FreeBSD While Travelling


While writing this I'm currently in Okinawa Japan. For anyone who doesn't know Okinawa is a small Island on the southernmost of the Ryukyu Archipelago, and it's roughly halfway been Japan, Taiwan and mainland China.

Last time I was here I had my MacBook Pro which performed fine, however being the 16" model is a bit on the heavy side when walking around the city.

This time I decided to take my trusty Thinkpad P1 that's presently running FreeBSD Current (15.0). This is a 15.6" laptop and since it's carbon fibre is noticeably lighter than the MacBook. The downside of this is it's battery life is no where near as good as the MacBook.

One of the issues I was mainly concerned about is connecting to WiFi. At this time I'm running the new WiFi 4/5 code which is at a beta level at present. I did have some ups and down with the Hong Kong airport while transfering to the next flight. It did depend on where in the airport you were though.

My experience so far has been acceptable. I have been able to connect to the Hotel WiFi perfectly fine and my VPN works, though for some reason I cannot send emails when connected to the Hotel WiFi. Starbucks on the other hand isn't playing nicely with my VPN, so I'm tethering to my iPhone. This is getting data though an eSim. I'm pleasantly surprised at how well this is working. For some reason OpenVPN is not updating /etc/resolve.conf so I'll have to work out why, but that can probably wait until I get home.

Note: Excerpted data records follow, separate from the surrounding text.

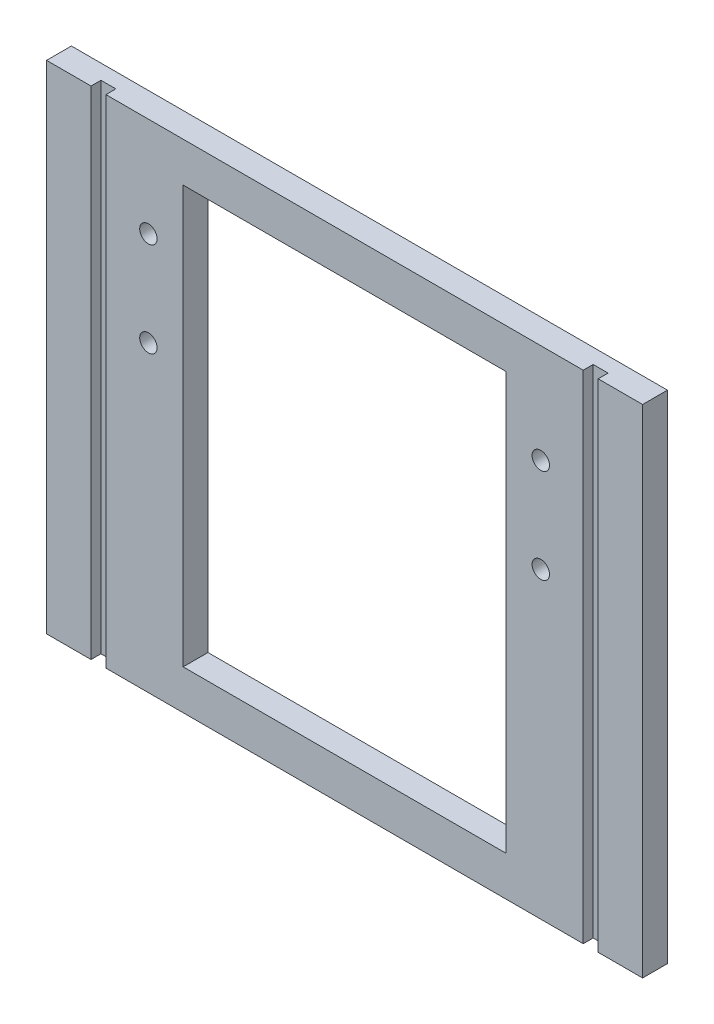
ISO-10303-21;
HEADER;
FILE_DESCRIPTION(('STEP AP214'),'2;1');
FILE_NAME('part.step','',(''),(''),'','','');
FILE_SCHEMA(('AUTOMOTIVE_DESIGN { 1 0 10303 214 1 1 1 1 }'));
ENDSEC;
DATA;
#1=APPLICATION_CONTEXT('core data for automotive mechanical design processes');
#2=APPLICATION_PROTOCOL_DEFINITION('international standard','automotive_design',2000,#1);
#3=PRODUCT_CONTEXT('',#1,'mechanical');
#4=PRODUCT('Part','Part','',(#3));
#5=PRODUCT_RELATED_PRODUCT_CATEGORY('part','',(#4));
#6=PRODUCT_DEFINITION_FORMATION('','',#4);
#7=PRODUCT_DEFINITION_CONTEXT('part definition',#1,'design');
#8=PRODUCT_DEFINITION('design','',#6,#7);
#9=PRODUCT_DEFINITION_SHAPE('','',#8);
#10=(LENGTH_UNIT() NAMED_UNIT(*) SI_UNIT(.MILLI.,.METRE.));
#11=(NAMED_UNIT(*) PLANE_ANGLE_UNIT() SI_UNIT($,.RADIAN.));
#12=(NAMED_UNIT(*) SI_UNIT($,.STERADIAN.) SOLID_ANGLE_UNIT());
#13=UNCERTAINTY_MEASURE_WITH_UNIT(LENGTH_MEASURE(1.E-05),#10,'distance_accuracy_value','');
#14=(GEOMETRIC_REPRESENTATION_CONTEXT(3) GLOBAL_UNCERTAINTY_ASSIGNED_CONTEXT((#13)) GLOBAL_UNIT_ASSIGNED_CONTEXT((#10,
#11,#12)) REPRESENTATION_CONTEXT('',''));
#15=CARTESIAN_POINT('',(0.,0.,0.));
#16=DIRECTION('',(0.,0.,1.));
#17=DIRECTION('',(1.,0.,0.));
#18=AXIS2_PLACEMENT_3D('',#15,#16,#17);
#19=CARTESIAN_POINT('',(0.,0.,5.));
#20=DIRECTION('',(0.,0.,-1.));
#21=DIRECTION('',(-1.,0.,0.));
#22=AXIS2_PLACEMENT_3D('',#19,#20,#21);
#23=PLANE('',#22);
#24=DIRECTION('',(1.,0.,0.));
#25=VECTOR('',#24,1.);
#26=CARTESIAN_POINT('',(0.,0.,5.));
#27=LINE('',#26,#25);
#28=CARTESIAN_POINT('',(0.,0.,5.));
#29=VERTEX_POINT('',#28);
#30=CARTESIAN_POINT('',(8.95000000000001,0.,5.));
#31=VERTEX_POINT('',#30);
#32=EDGE_CURVE('E267',#29,#31,#27,.T.);
#33=ORIENTED_EDGE('',*,*,#32,.T.);
#34=DIRECTION('',(0.,-1.,0.));
#35=VECTOR('',#34,1.);
#36=CARTESIAN_POINT('',(8.95,100.,5.));
#37=LINE('',#36,#35);
#38=CARTESIAN_POINT('',(8.95,100.,5.));
#39=VERTEX_POINT('',#38);
#40=EDGE_CURVE('E156',#39,#31,#37,.T.);
#41=ORIENTED_EDGE('',*,*,#40,.F.);
#42=DIRECTION('',(-1.,0.,0.));
#43=VECTOR('',#42,1.);
#44=CARTESIAN_POINT('',(0.,100.,5.));
#45=LINE('',#44,#43);
#46=CARTESIAN_POINT('',(0.,100.,5.));
#47=VERTEX_POINT('',#46);
#48=EDGE_CURVE('E272',#39,#47,#45,.T.);
#49=ORIENTED_EDGE('',*,*,#48,.T.);
#50=DIRECTION('',(0.,-1.,0.));
#51=VECTOR('',#50,1.);
#52=CARTESIAN_POINT('',(0.,0.,5.));
#53=LINE('',#52,#51);
#54=EDGE_CURVE('E262',#47,#29,#53,.T.);
#55=ORIENTED_EDGE('',*,*,#54,.T.);
#56=EDGE_LOOP('',(#33,#41,#49,#55));
#57=FACE_BOUND('',#56,.T.);
#58=ADVANCED_FACE('F37',(#57),#23,.F.);
#59=DIRECTION('',(0.,-1.,0.));
#60=VECTOR('',#59,1.);
#61=CARTESIAN_POINT('',(27.5,92.,5.));
#62=LINE('',#61,#60);
#63=CARTESIAN_POINT('',(27.5,92.,5.));
#64=VERTEX_POINT('',#63);
#65=CARTESIAN_POINT('',(27.5,8.,5.));
#66=VERTEX_POINT('',#65);
#67=EDGE_CURVE('E207',#64,#66,#62,.T.);
#68=ORIENTED_EDGE('',*,*,#67,.F.);
#69=DIRECTION('',(-1.,0.,0.));
#70=VECTOR('',#69,1.);
#71=CARTESIAN_POINT('',(27.5,92.,5.));
#72=LINE('',#71,#70);
#73=CARTESIAN_POINT('',(92.5,92.,5.));
#74=VERTEX_POINT('',#73);
#75=EDGE_CURVE('E215',#74,#64,#72,.T.);
#76=ORIENTED_EDGE('',*,*,#75,.F.);
#77=DIRECTION('',(0.,1.,0.));
#78=VECTOR('',#77,1.);
#79=CARTESIAN_POINT('',(92.5,92.,5.));
#80=LINE('',#79,#78);
#81=CARTESIAN_POINT('',(92.5,8.,5.));
#82=VERTEX_POINT('',#81);
#83=EDGE_CURVE('E212',#82,#74,#80,.T.);
#84=ORIENTED_EDGE('',*,*,#83,.F.);
#85=DIRECTION('',(1.,0.,0.));
#86=VECTOR('',#85,1.);
#87=CARTESIAN_POINT('',(27.5,8.,5.));
#88=LINE('',#87,#86);
#89=EDGE_CURVE('E209',#66,#82,#88,.T.);
#90=ORIENTED_EDGE('',*,*,#89,.F.);
#91=EDGE_LOOP('',(#68,#76,#84,#90));
#92=FACE_BOUND('',#91,.T.);
#93=CARTESIAN_POINT('',(20.5,80.,5.));
#94=DIRECTION('',(0.,0.,1.));
#95=DIRECTION('',(1.,0.,0.));
#96=AXIS2_PLACEMENT_3D('',#93,#94,#95);
#97=CIRCLE('',#96,1.75);
#98=CARTESIAN_POINT('',(22.25,80.,5.));
#99=VERTEX_POINT('',#98);
#100=EDGE_CURVE('E256',#99,#99,#97,.T.);
#101=ORIENTED_EDGE('',*,*,#100,.F.);
#102=EDGE_LOOP('',(#101));
#103=FACE_BOUND('',#102,.T.);
#104=CARTESIAN_POINT('',(20.5,61.,5.));
#105=DIRECTION('',(0.,0.,1.));
#106=DIRECTION('',(1.,0.,0.));
#107=AXIS2_PLACEMENT_3D('',#104,#105,#106);
#108=CIRCLE('',#107,1.75);
#109=CARTESIAN_POINT('',(22.25,61.,5.));
#110=VERTEX_POINT('',#109);
#111=EDGE_CURVE('E250',#110,#110,#108,.T.);
#112=ORIENTED_EDGE('',*,*,#111,.F.);
#113=EDGE_LOOP('',(#112));
#114=FACE_BOUND('',#113,.T.);
#115=CARTESIAN_POINT('',(99.5,80.,5.));
#116=DIRECTION('',(0.,0.,1.));
#117=DIRECTION('',(1.,0.,0.));
#118=AXIS2_PLACEMENT_3D('',#115,#116,#117);
#119=CIRCLE('',#118,1.75);
#120=CARTESIAN_POINT('',(101.25,80.,5.));
#121=VERTEX_POINT('',#120);
#122=EDGE_CURVE('E244',#121,#121,#119,.T.);
#123=ORIENTED_EDGE('',*,*,#122,.F.);
#124=EDGE_LOOP('',(#123));
#125=FACE_BOUND('',#124,.T.);
#126=CARTESIAN_POINT('',(99.5,61.,5.));
#127=DIRECTION('',(0.,0.,1.));
#128=DIRECTION('',(1.,0.,0.));
#129=AXIS2_PLACEMENT_3D('',#126,#127,#128);
#130=CIRCLE('',#129,1.75);
#131=CARTESIAN_POINT('',(101.25,61.,5.));
#132=VERTEX_POINT('',#131);
#133=EDGE_CURVE('E238',#132,#132,#130,.T.);
#134=ORIENTED_EDGE('',*,*,#133,.F.);
#135=EDGE_LOOP('',(#134));
#136=FACE_BOUND('',#135,.T.);
#137=CARTESIAN_POINT('',(108.05,100.,5.));
#138=VERTEX_POINT('',#137);
#139=CARTESIAN_POINT('',(11.95,100.,5.));
#140=VERTEX_POINT('',#139);
#141=EDGE_CURVE('E277',#138,#140,#45,.T.);
#142=ORIENTED_EDGE('',*,*,#141,.T.);
#143=DIRECTION('',(0.,1.,0.));
#144=VECTOR('',#143,1.);
#145=CARTESIAN_POINT('',(11.95,100.,5.));
#146=LINE('',#145,#144);
#147=CARTESIAN_POINT('',(11.95,0.,5.));
#148=VERTEX_POINT('',#147);
#149=EDGE_CURVE('E168',#148,#140,#146,.T.);
#150=ORIENTED_EDGE('',*,*,#149,.F.);
#151=CARTESIAN_POINT('',(108.05,0.,5.));
#152=VERTEX_POINT('',#151);
#153=EDGE_CURVE('E270',#148,#152,#27,.T.);
#154=ORIENTED_EDGE('',*,*,#153,.T.);
#155=DIRECTION('',(0.,-1.,0.));
#156=VECTOR('',#155,1.);
#157=CARTESIAN_POINT('',(108.05,100.,5.));
#158=LINE('',#157,#156);
#159=EDGE_CURVE('E196',#138,#152,#158,.T.);
#160=ORIENTED_EDGE('',*,*,#159,.F.);
#161=EDGE_LOOP('',(#142,#150,#154,#160));
#162=FACE_BOUND('',#161,.T.);
#163=ADVANCED_FACE('F316',(#92,#103,#114,#125,#136,#162),#23,.F.);
#164=CARTESIAN_POINT('',(120.,100.,5.));
#165=VERTEX_POINT('',#164);
#166=CARTESIAN_POINT('',(111.05,100.,5.));
#167=VERTEX_POINT('',#166);
#168=EDGE_CURVE('E273',#165,#167,#45,.T.);
#169=ORIENTED_EDGE('',*,*,#168,.T.);
#170=DIRECTION('',(0.,1.,0.));
#171=VECTOR('',#170,1.);
#172=CARTESIAN_POINT('',(111.05,100.,5.));
#173=LINE('',#172,#171);
#174=CARTESIAN_POINT('',(111.05,0.,5.));
#175=VERTEX_POINT('',#174);
#176=EDGE_CURVE('E190',#175,#167,#173,.T.);
#177=ORIENTED_EDGE('',*,*,#176,.F.);
#178=CARTESIAN_POINT('',(120.,0.,5.));
#179=VERTEX_POINT('',#178);
#180=EDGE_CURVE('E265',#175,#179,#27,.T.);
#181=ORIENTED_EDGE('',*,*,#180,.T.);
#182=DIRECTION('',(0.,1.,0.));
#183=VECTOR('',#182,1.);
#184=CARTESIAN_POINT('',(120.,0.,5.));
#185=LINE('',#184,#183);
#186=EDGE_CURVE('E269',#179,#165,#185,.T.);
#187=ORIENTED_EDGE('',*,*,#186,.T.);
#188=EDGE_LOOP('',(#169,#177,#181,#187));
#189=FACE_BOUND('',#188,.T.);
#190=ADVANCED_FACE('F333',(#189),#23,.F.);
#191=CARTESIAN_POINT('',(0.,0.,0.));
#192=DIRECTION('',(0.,0.,-1.));
#193=DIRECTION('',(-1.,0.,0.));
#194=AXIS2_PLACEMENT_3D('',#191,#192,#193);
#195=PLANE('',#194);
#196=CARTESIAN_POINT('',(99.5,80.,0.));
#197=DIRECTION('',(0.,0.,1.));
#198=DIRECTION('',(1.,0.,0.));
#199=AXIS2_PLACEMENT_3D('',#196,#197,#198);
#200=CIRCLE('',#199,1.75);
#201=CARTESIAN_POINT('',(101.25,80.,0.));
#202=VERTEX_POINT('',#201);
#203=EDGE_CURVE('E241',#202,#202,#200,.T.);
#204=ORIENTED_EDGE('',*,*,#203,.T.);
#205=EDGE_LOOP('',(#204));
#206=FACE_BOUND('',#205,.T.);
#207=CARTESIAN_POINT('',(20.5,80.,0.));
#208=DIRECTION('',(0.,0.,1.));
#209=DIRECTION('',(1.,0.,0.));
#210=AXIS2_PLACEMENT_3D('',#207,#208,#209);
#211=CIRCLE('',#210,1.75);
#212=CARTESIAN_POINT('',(22.25,80.,0.));
#213=VERTEX_POINT('',#212);
#214=EDGE_CURVE('E253',#213,#213,#211,.T.);
#215=ORIENTED_EDGE('',*,*,#214,.T.);
#216=EDGE_LOOP('',(#215));
#217=FACE_BOUND('',#216,.T.);
#218=DIRECTION('',(0.,-1.,0.));
#219=VECTOR('',#218,1.);
#220=CARTESIAN_POINT('',(0.,0.,0.));
#221=LINE('',#220,#219);
#222=CARTESIAN_POINT('',(0.,100.,0.));
#223=VERTEX_POINT('',#222);
#224=CARTESIAN_POINT('',(0.,0.,0.));
#225=VERTEX_POINT('',#224);
#226=EDGE_CURVE('E259',#223,#225,#221,.T.);
#227=ORIENTED_EDGE('',*,*,#226,.F.);
#228=DIRECTION('',(-1.,0.,0.));
#229=VECTOR('',#228,1.);
#230=CARTESIAN_POINT('',(0.,100.,0.));
#231=LINE('',#230,#229);
#232=CARTESIAN_POINT('',(120.,100.,0.));
#233=VERTEX_POINT('',#232);
#234=EDGE_CURVE('E266',#233,#223,#231,.T.);
#235=ORIENTED_EDGE('',*,*,#234,.F.);
#236=DIRECTION('',(0.,1.,0.));
#237=VECTOR('',#236,1.);
#238=CARTESIAN_POINT('',(120.,0.,0.));
#239=LINE('',#238,#237);
#240=CARTESIAN_POINT('',(120.,0.,0.));
#241=VERTEX_POINT('',#240);
#242=EDGE_CURVE('E282',#241,#233,#239,.T.);
#243=ORIENTED_EDGE('',*,*,#242,.F.);
#244=DIRECTION('',(1.,0.,0.));
#245=VECTOR('',#244,1.);
#246=CARTESIAN_POINT('',(0.,0.,0.));
#247=LINE('',#246,#245);
#248=EDGE_CURVE('E280',#225,#241,#247,.T.);
#249=ORIENTED_EDGE('',*,*,#248,.F.);
#250=EDGE_LOOP('',(#227,#235,#243,#249));
#251=FACE_BOUND('',#250,.T.);
#252=CARTESIAN_POINT('',(20.5,61.,0.));
#253=DIRECTION('',(0.,0.,1.));
#254=DIRECTION('',(1.,0.,0.));
#255=AXIS2_PLACEMENT_3D('',#252,#253,#254);
#256=CIRCLE('',#255,1.75);
#257=CARTESIAN_POINT('',(22.25,61.,0.));
#258=VERTEX_POINT('',#257);
#259=EDGE_CURVE('E247',#258,#258,#256,.T.);
#260=ORIENTED_EDGE('',*,*,#259,.T.);
#261=EDGE_LOOP('',(#260));
#262=FACE_BOUND('',#261,.T.);
#263=CARTESIAN_POINT('',(99.5,61.,0.));
#264=DIRECTION('',(0.,0.,1.));
#265=DIRECTION('',(1.,0.,0.));
#266=AXIS2_PLACEMENT_3D('',#263,#264,#265);
#267=CIRCLE('',#266,1.75);
#268=CARTESIAN_POINT('',(101.25,61.,0.));
#269=VERTEX_POINT('',#268);
#270=EDGE_CURVE('E237',#269,#269,#267,.T.);
#271=ORIENTED_EDGE('',*,*,#270,.T.);
#272=EDGE_LOOP('',(#271));
#273=FACE_BOUND('',#272,.T.);
#274=DIRECTION('',(-1.,0.,0.));
#275=VECTOR('',#274,1.);
#276=CARTESIAN_POINT('',(27.5,92.,0.));
#277=LINE('',#276,#275);
#278=CARTESIAN_POINT('',(92.5,92.,0.));
#279=VERTEX_POINT('',#278);
#280=CARTESIAN_POINT('',(27.5,92.,0.));
#281=VERTEX_POINT('',#280);
#282=EDGE_CURVE('E210',#279,#281,#277,.T.);
#283=ORIENTED_EDGE('',*,*,#282,.T.);
#284=DIRECTION('',(0.,-1.,0.));
#285=VECTOR('',#284,1.);
#286=CARTESIAN_POINT('',(27.5,92.,0.));
#287=LINE('',#286,#285);
#288=CARTESIAN_POINT('',(27.5,8.,0.));
#289=VERTEX_POINT('',#288);
#290=EDGE_CURVE('E181',#281,#289,#287,.T.);
#291=ORIENTED_EDGE('',*,*,#290,.T.);
#292=DIRECTION('',(1.,0.,0.));
#293=VECTOR('',#292,1.);
#294=CARTESIAN_POINT('',(27.5,8.,0.));
#295=LINE('',#294,#293);
#296=CARTESIAN_POINT('',(92.5,8.,0.));
#297=VERTEX_POINT('',#296);
#298=EDGE_CURVE('E220',#289,#297,#295,.T.);
#299=ORIENTED_EDGE('',*,*,#298,.T.);
#300=DIRECTION('',(0.,1.,0.));
#301=VECTOR('',#300,1.);
#302=CARTESIAN_POINT('',(92.5,92.,0.));
#303=LINE('',#302,#301);
#304=EDGE_CURVE('E223',#297,#279,#303,.T.);
#305=ORIENTED_EDGE('',*,*,#304,.T.);
#306=EDGE_LOOP('',(#283,#291,#299,#305));
#307=FACE_BOUND('',#306,.T.);
#308=ADVANCED_FACE('F300',(#206,#217,#251,#262,#273,#307),#195,.T.);
#309=CARTESIAN_POINT('',(0.,0.,5.));
#310=DIRECTION('',(1.,0.,0.));
#311=DIRECTION('',(0.,0.,-1.));
#312=AXIS2_PLACEMENT_3D('',#309,#310,#311);
#313=PLANE('',#312);
#314=ORIENTED_EDGE('',*,*,#226,.T.);
#315=DIRECTION('',(0.,0.,-1.));
#316=VECTOR('',#315,1.);
#317=CARTESIAN_POINT('',(0.,0.,5.));
#318=LINE('',#317,#316);
#319=EDGE_CURVE('E11',#29,#225,#318,.T.);
#320=ORIENTED_EDGE('',*,*,#319,.F.);
#321=ORIENTED_EDGE('',*,*,#54,.F.);
#322=DIRECTION('',(0.,0.,-1.));
#323=VECTOR('',#322,1.);
#324=CARTESIAN_POINT('',(0.,100.,5.));
#325=LINE('',#324,#323);
#326=EDGE_CURVE('E276',#47,#223,#325,.T.);
#327=ORIENTED_EDGE('',*,*,#326,.T.);
#328=EDGE_LOOP('',(#314,#320,#321,#327));
#329=FACE_BOUND('',#328,.T.);
#330=ADVANCED_FACE('F39',(#329),#313,.F.);
#331=CARTESIAN_POINT('',(0.,0.,5.));
#332=DIRECTION('',(0.,1.,0.));
#333=DIRECTION('',(0.,0.,1.));
#334=AXIS2_PLACEMENT_3D('',#331,#332,#333);
#335=PLANE('',#334);
#336=DIRECTION('',(1.,0.,0.));
#337=VECTOR('',#336,1.);
#338=CARTESIAN_POINT('',(8.95000000000001,0.,3.));
#339=LINE('',#338,#337);
#340=CARTESIAN_POINT('',(8.95000000000001,0.,3.));
#341=VERTEX_POINT('',#340);
#342=CARTESIAN_POINT('',(11.95,0.,3.));
#343=VERTEX_POINT('',#342);
#344=EDGE_CURVE('E164',#341,#343,#339,.T.);
#345=ORIENTED_EDGE('',*,*,#344,.F.);
#346=DIRECTION('',(0.,0.,1.));
#347=VECTOR('',#346,1.);
#348=CARTESIAN_POINT('',(8.95000000000001,0.,3.));
#349=LINE('',#348,#347);
#350=EDGE_CURVE('E151',#341,#31,#349,.T.);
#351=ORIENTED_EDGE('',*,*,#350,.T.);
#352=ORIENTED_EDGE('',*,*,#32,.F.);
#353=ORIENTED_EDGE('',*,*,#319,.T.);
#354=ORIENTED_EDGE('',*,*,#248,.T.);
#355=DIRECTION('',(0.,0.,-1.));
#356=VECTOR('',#355,1.);
#357=CARTESIAN_POINT('',(120.,0.,5.));
#358=LINE('',#357,#356);
#359=EDGE_CURVE('E45',#179,#241,#358,.T.);
#360=ORIENTED_EDGE('',*,*,#359,.F.);
#361=ORIENTED_EDGE('',*,*,#180,.F.);
#362=DIRECTION('',(0.,0.,1.));
#363=VECTOR('',#362,1.);
#364=CARTESIAN_POINT('',(111.05,0.,3.));
#365=LINE('',#364,#363);
#366=CARTESIAN_POINT('',(111.05,0.,3.));
#367=VERTEX_POINT('',#366);
#368=EDGE_CURVE('E203',#367,#175,#365,.T.);
#369=ORIENTED_EDGE('',*,*,#368,.F.);
#370=DIRECTION('',(1.,0.,0.));
#371=VECTOR('',#370,1.);
#372=CARTESIAN_POINT('',(108.05,0.,3.));
#373=LINE('',#372,#371);
#374=CARTESIAN_POINT('',(108.05,0.,3.));
#375=VERTEX_POINT('',#374);
#376=EDGE_CURVE('E189',#375,#367,#373,.T.);
#377=ORIENTED_EDGE('',*,*,#376,.F.);
#378=DIRECTION('',(0.,0.,1.));
#379=VECTOR('',#378,1.);
#380=CARTESIAN_POINT('',(108.05,0.,3.));
#381=LINE('',#380,#379);
#382=EDGE_CURVE('E195',#375,#152,#381,.T.);
#383=ORIENTED_EDGE('',*,*,#382,.T.);
#384=ORIENTED_EDGE('',*,*,#153,.F.);
#385=DIRECTION('',(0.,0.,1.));
#386=VECTOR('',#385,1.);
#387=CARTESIAN_POINT('',(11.95,0.,3.));
#388=LINE('',#387,#386);
#389=EDGE_CURVE('E160',#343,#148,#388,.T.);
#390=ORIENTED_EDGE('',*,*,#389,.F.);
#391=EDGE_LOOP('',(#345,#351,#352,#353,#354,#360,#361,#369,#377,#383,#384,#390));
#392=FACE_BOUND('',#391,.T.);
#393=ADVANCED_FACE('F170',(#392),#335,.F.);
#394=CARTESIAN_POINT('',(120.,0.,5.));
#395=DIRECTION('',(-1.,0.,0.));
#396=DIRECTION('',(0.,0.,1.));
#397=AXIS2_PLACEMENT_3D('',#394,#395,#396);
#398=PLANE('',#397);
#399=ORIENTED_EDGE('',*,*,#242,.T.);
#400=DIRECTION('',(0.,0.,-1.));
#401=VECTOR('',#400,1.);
#402=CARTESIAN_POINT('',(120.,100.,5.));
#403=LINE('',#402,#401);
#404=EDGE_CURVE('E287',#165,#233,#403,.T.);
#405=ORIENTED_EDGE('',*,*,#404,.F.);
#406=ORIENTED_EDGE('',*,*,#186,.F.);
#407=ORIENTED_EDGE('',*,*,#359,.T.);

While mostly it was a pleasant experience I did have an interesting failure. I was sitting at a Cafe and trying to look things up when I decided to jump onto the nearest public WiFi. This was mainly due to my phone getting low on battery. Unfortunately that caused the system to freeze and it continued to freeze at each boot when starting up networking. I tried several times to sort it out in Safe mode however the easiest solutions was to re-enable tethering on my phone, reboot and remove the entry for the free WiFi. That seemed to resolve the issue.